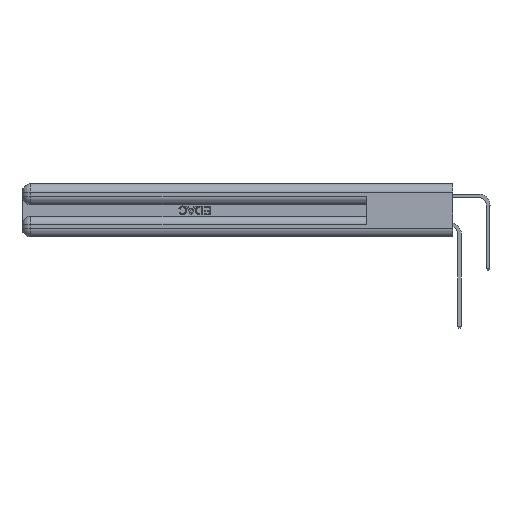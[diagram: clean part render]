
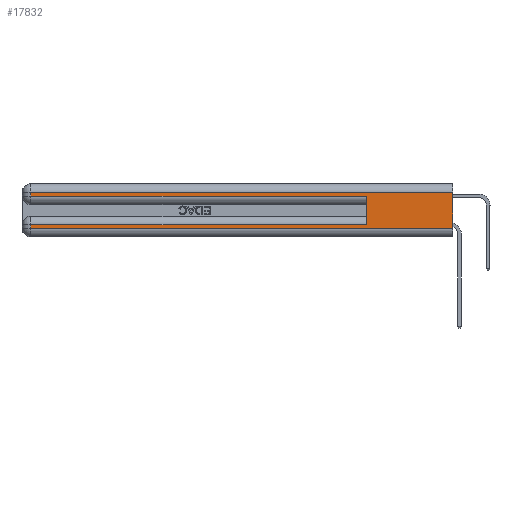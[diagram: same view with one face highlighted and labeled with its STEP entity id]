
A CAD part, left-side view. The second image highlights one B-rep face of the part: STEP entity #17832.
In plain terms, the highlighted planar face has unit normal (-1, 0, 0).
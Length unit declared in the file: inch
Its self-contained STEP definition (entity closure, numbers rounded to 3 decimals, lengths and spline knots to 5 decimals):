
#871 = ORIENTED_EDGE ( 'NONE', *, *, #2676, .T. ) ;
#1051 = DIRECTION ( 'NONE',  ( 1., 0., 0. ) ) ;
#1415 = DIRECTION ( 'NONE',  ( 0., 0., -1. ) ) ;
#1748 = CARTESIAN_POINT ( 'NONE',  ( 0., 0., 0.31 ) ) ;
#2026 = EDGE_CURVE ( 'NONE', #6814, #30521, #34647, .T. ) ;
#2676 = EDGE_CURVE ( 'NONE', #6814, #9357, #2888, .T. ) ;
#2888 = LINE ( 'NONE', #38211, #20542 ) ;
#4227 = LINE ( 'NONE', #13816, #12045 ) ;
#4935 = DIRECTION ( 'NONE',  ( 0., -1., 0. ) ) ;
#6277 = ORIENTED_EDGE ( 'NONE', *, *, #21825, .F. ) ;
#6403 = EDGE_CURVE ( 'NONE', #9357, #18249, #4227, .T. ) ;
#6479 = VERTEX_POINT ( 'NONE', #14106 ) ;
#6814 = VERTEX_POINT ( 'NONE', #12648 ) ;
#9357 = VERTEX_POINT ( 'NONE', #10618 ) ;
#10266 = DIRECTION ( 'NONE',  ( 0., -1., 0. ) ) ;
#10449 = DIRECTION ( 'NONE',  ( 0., 0., 1. ) ) ;
#10452 = VECTOR ( 'NONE', #10266, 39.37008 ) ;
#10618 = CARTESIAN_POINT ( 'NONE',  ( 0., 2.94, 0.085 ) ) ;
#12045 = VECTOR ( 'NONE', #37068, 39.37008 ) ;
#12648 = CARTESIAN_POINT ( 'NONE',  ( 0., 0.6, 0.085 ) ) ;
#13816 = CARTESIAN_POINT ( 'NONE',  ( 0., 2.94, 0.37 ) ) ;
#14106 = CARTESIAN_POINT ( 'NONE',  ( 0., 0., 0.31 ) ) ;
#14270 = EDGE_LOOP ( 'NONE', ( #6277, #26274, #38952, #36345, #27957, #871, #20101, #17954 ) ) ;
#14654 = CARTESIAN_POINT ( 'NONE',  ( 0., 0., 0.06 ) ) ;
#14830 = VERTEX_POINT ( 'NONE', #36392 ) ;
#14926 = VERTEX_POINT ( 'NONE', #20517 ) ;
#15655 = LINE ( 'NONE', #42402, #34388 ) ;
#16792 = AXIS2_PLACEMENT_3D ( 'NONE', #20956, #1051, #24286 ) ;
#17832 = ADVANCED_FACE ( 'NONE', ( #24402 ), #24143, .F. ) ;
#17954 = ORIENTED_EDGE ( 'NONE', *, *, #41223, .T. ) ;
#18249 = VERTEX_POINT ( 'NONE', #23553 ) ;
#19160 = VERTEX_POINT ( 'NONE', #14654 ) ;
#19173 = DIRECTION ( 'NONE',  ( 0., 0., -1. ) ) ;
#19228 = EDGE_CURVE ( 'NONE', #14926, #30521, #22177, .T. ) ;
#19248 = LINE ( 'NONE', #36791, #10452 ) ;
#20101 = ORIENTED_EDGE ( 'NONE', *, *, #6403, .T. ) ;
#20517 = CARTESIAN_POINT ( 'NONE',  ( 0., 2.94, 0.285 ) ) ;
#20542 = VECTOR ( 'NONE', #28189, 39.37008 ) ;
#20956 = CARTESIAN_POINT ( 'NONE',  ( 0., 0., 0.37 ) ) ;
#21825 = EDGE_CURVE ( 'NONE', #6479, #19160, #40094, .T. ) ;
#22177 = LINE ( 'NONE', #34682, #38815 ) ;
#23030 = EDGE_CURVE ( 'NONE', #14830, #14926, #15655, .T. ) ;
#23553 = CARTESIAN_POINT ( 'NONE',  ( 0., 2.94, 0.06 ) ) ;
#24143 = PLANE ( 'NONE',  #16792 ) ;
#24286 = DIRECTION ( 'NONE',  ( 0., 0., -1. ) ) ;
#24402 = FACE_OUTER_BOUND ( 'NONE', #14270, .T. ) ;
#24975 = DIRECTION ( 'NONE',  ( 0., 1., 0. ) ) ;
#26274 = ORIENTED_EDGE ( 'NONE', *, *, #37415, .T. ) ;
#26829 = VECTOR ( 'NONE', #10449, 39.37008 ) ;
#27957 = ORIENTED_EDGE ( 'NONE', *, *, #2026, .F. ) ;
#28027 = CARTESIAN_POINT ( 'NONE',  ( 0., 0., 0.37 ) ) ;
#28189 = DIRECTION ( 'NONE',  ( 0., 1., 0. ) ) ;
#30521 = VERTEX_POINT ( 'NONE', #33509 ) ;
#31312 = VECTOR ( 'NONE', #1415, 39.37008 ) ;
#32430 = VECTOR ( 'NONE', #24975, 39.37008 ) ;
#33466 = LINE ( 'NONE', #1748, #32430 ) ;
#33509 = CARTESIAN_POINT ( 'NONE',  ( 0., 0.6, 0.285 ) ) ;
#34388 = VECTOR ( 'NONE', #19173, 39.37008 ) ;
#34647 = LINE ( 'NONE', #40278, #26829 ) ;
#34682 = CARTESIAN_POINT ( 'NONE',  ( 0., 0., 0.285 ) ) ;
#36345 = ORIENTED_EDGE ( 'NONE', *, *, #19228, .T. ) ;
#36392 = CARTESIAN_POINT ( 'NONE',  ( 0., 2.94, 0.31 ) ) ;
#36791 = CARTESIAN_POINT ( 'NONE',  ( 0., 0., 0.06 ) ) ;
#37068 = DIRECTION ( 'NONE',  ( 0., 0., -1. ) ) ;
#37415 = EDGE_CURVE ( 'NONE', #6479, #14830, #33466, .T. ) ;
#38211 = CARTESIAN_POINT ( 'NONE',  ( 0., 0., 0.085 ) ) ;
#38815 = VECTOR ( 'NONE', #4935, 39.37008 ) ;
#38952 = ORIENTED_EDGE ( 'NONE', *, *, #23030, .T. ) ;
#40094 = LINE ( 'NONE', #28027, #31312 ) ;
#40278 = CARTESIAN_POINT ( 'NONE',  ( 0., 0.6, 0.145 ) ) ;
#41223 = EDGE_CURVE ( 'NONE', #18249, #19160, #19248, .T. ) ;
#42402 = CARTESIAN_POINT ( 'NONE',  ( 0., 2.94, 0.37 ) ) ;

Task to complete:
Beginning with the line that holds "#37068 = DIRECTION", restate word for word every line down to the end of the data, and only those lines.

Response to this exercise:
#37068 = DIRECTION ( 'NONE',  ( 0., 0., -1. ) ) ;
#37415 = EDGE_CURVE ( 'NONE', #6479, #14830, #33466, .T. ) ;
#38211 = CARTESIAN_POINT ( 'NONE',  ( 0., 0., 0.085 ) ) ;
#38815 = VECTOR ( 'NONE', #4935, 39.37008 ) ;
#38952 = ORIENTED_EDGE ( 'NONE', *, *, #23030, .T. ) ;
#40094 = LINE ( 'NONE', #28027, #31312 ) ;
#40278 = CARTESIAN_POINT ( 'NONE',  ( 0., 0.6, 0.145 ) ) ;
#41223 = EDGE_CURVE ( 'NONE', #18249, #19160, #19248, .T. ) ;
#42402 = CARTESIAN_POINT ( 'NONE',  ( 0., 2.94, 0.37 ) ) ;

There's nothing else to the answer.